»»

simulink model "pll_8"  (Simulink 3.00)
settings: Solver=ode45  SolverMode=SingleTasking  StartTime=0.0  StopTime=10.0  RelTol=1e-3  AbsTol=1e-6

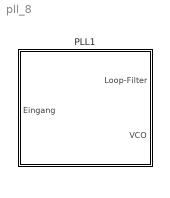
== system pll_8 ==
  PLL1 : Subsystem  mask(PLL-Schleife){f0=, ph_fehler=, kvco=, tau=}
      mask prompts: f0 "Ruhefrequenz"; ph_fehler "Phasenfehler-VCO"; kvco "Übertragungsfaktor-VCO"; tau "Zeitkonstante-Filter"
      mask help: Es wird eine analoge PLL-Schleife simuliert. Der Phasen-Detektor besteht aus einem Multiplizierer.
      mask init:
      | t = [0:0.1:2*pi,0];
      | x = cos(t);    y = sin(t);
      mask Help:
      | Pll-Schleife bestehend aus einem Multiplizierer als Phasen-Detektor, Tiefpaßfilter erster Ordnung und VCO. Die Parameter sind:
      | tau = Zeitkonstante des Filters
      | kvco = Übertragungsfaktor des VCOs
      | ph_fehler = Anfangsphasenfehler des VCO
      | f0 = Ruhefrequenz
      mask Display:
      | plot(0.25+0.1*x, 0.7+0.1*y);
      | plot([0.05,0.15], [0.7,0.7]);    plot([0.35,0.55],[0.7,0.7]);
      | plot([0.55,0.8,0.8,0.55,0.55],[0.6,0.6,0.8,0.8,0.6]);    plot([0.8,0.9,0.9,0.65],...
      | [0.7,0.7,0.350.35]);     plot([0.4,0.65,0.65,0.4,0.4],[0.25,0.25,0.45,0.45,0.25]);
      | plot([0.4,0.25,0.25],[0.35,0.35,0.6]);
      | text(0.23,0.70,'PD');    plot([0.15,0.1,0.1,0.15],[0.7, 0.725,0.675,0.7]);
      | text(0.6, 0.70,'TP');     plot([0.25,0.225,0.275,0.25],[0.6,0.55,0.55,0.6]);
      | text(0.45, 0.35,'VCO');
      | text(0.8, 0.2,'VCO');
      | text(0.60, 0.90,'Loop-Filter'); text(0.05, 0.45,'Eing.');

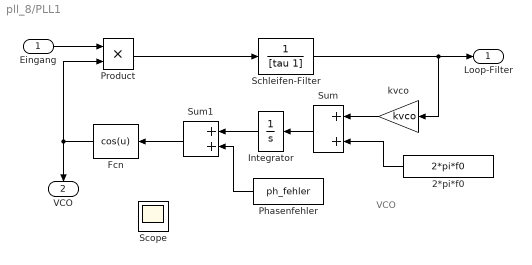
== system pll_8/PLL1 ==
  note: VCO
  Eingang : Inport  Port=1  PortWidth=-1  SampleTime=-1  DataType=auto
      settings: SignalType=auto
  2*pi*f0 : Constant  Orientation=left  Value=2*pi*f0
  Fcn : Fcn  Orientation=left  Expr=cos(u)
  Integrator : Integrator  Orientation=left  ExternalReset=none  InitialConditionSource=internal  InitialCondition=0  LimitOutput=off  UpperSaturationLimit=inf  LowerSaturationLimit=-inf  ShowSaturationPort=off  ShowStatePort=off  AbsoluteTolerance=auto
  Phasenfehler : Constant  Orientation=left  Value=ph_fehler
  Product : Product  Inputs=2  SaturateOnIntegerOverflow=on
  Schleifen-Filter : TransferFcn  Numerator=[1]  Denominator=[tau 1]
  Scope : Scope
      settings: Floating=on  TickLabels=on  TimeRange=0.1  YMin=-5  YMax=5  SaveToWorkspace=off  SaveName=ScopeData  DataFormat=Matrix
  Sum : Sum  Orientation=left  Inputs=++  SaturateOnIntegerOverflow=on
  Sum1 : Sum  Orientation=left  Inputs=++  SaturateOnIntegerOverflow=on
  kvco : Gain  Orientation=left  Gain=kvco  SaturateOnIntegerOverflow=on
  Loop-Filter : Outport  Port=1  InitialOutput=0
  " VCO" : Outport  Orientation=down  Port=2  InitialOutput=0
  wires:
  Integrator/1 -> Sum1/1
  Phasenfehler/1 -> Sum1/2
  Schleifen-Filter/1 -> Loop-Filter/1, kvco/1
  kvco/1 -> Sum/1
  2*pi*f0/1 -> Sum/2
  Sum/1 -> Integrator/1
  Product/1 -> Schleifen-Filter/1
  Sum1/1 -> Fcn/1
  Eingang/1 -> Product/1
  Fcn/1 -> " VCO"/1, Product/2

««

TASK BRIEF:
Filter the records above down to the lines that hold the string "plot".

COMPLETED EXERCISE:
      | plot(0.25+0.1*x, 0.7+0.1*y);
      | plot([0.05,0.15], [0.7,0.7]);    plot([0.35,0.55],[0.7,0.7]);
      | plot([0.55,0.8,0.8,0.55,0.55],[0.6,0.6,0.8,0.8,0.6]);    plot([0.8,0.9,0.9,0.65],...
      | [0.7,0.7,0.350.35]);     plot([0.4,0.65,0.65,0.4,0.4],[0.25,0.25,0.45,0.45,0.25]);
      | plot([0.4,0.25,0.25],[0.35,0.35,0.6]);
      | text(0.23,0.70,'PD');    plot([0.15,0.1,0.1,0.15],[0.7, 0.725,0.675,0.7]);
      | text(0.6, 0.70,'TP');     plot([0.25,0.225,0.275,0.25],[0.6,0.55,0.55,0.6]);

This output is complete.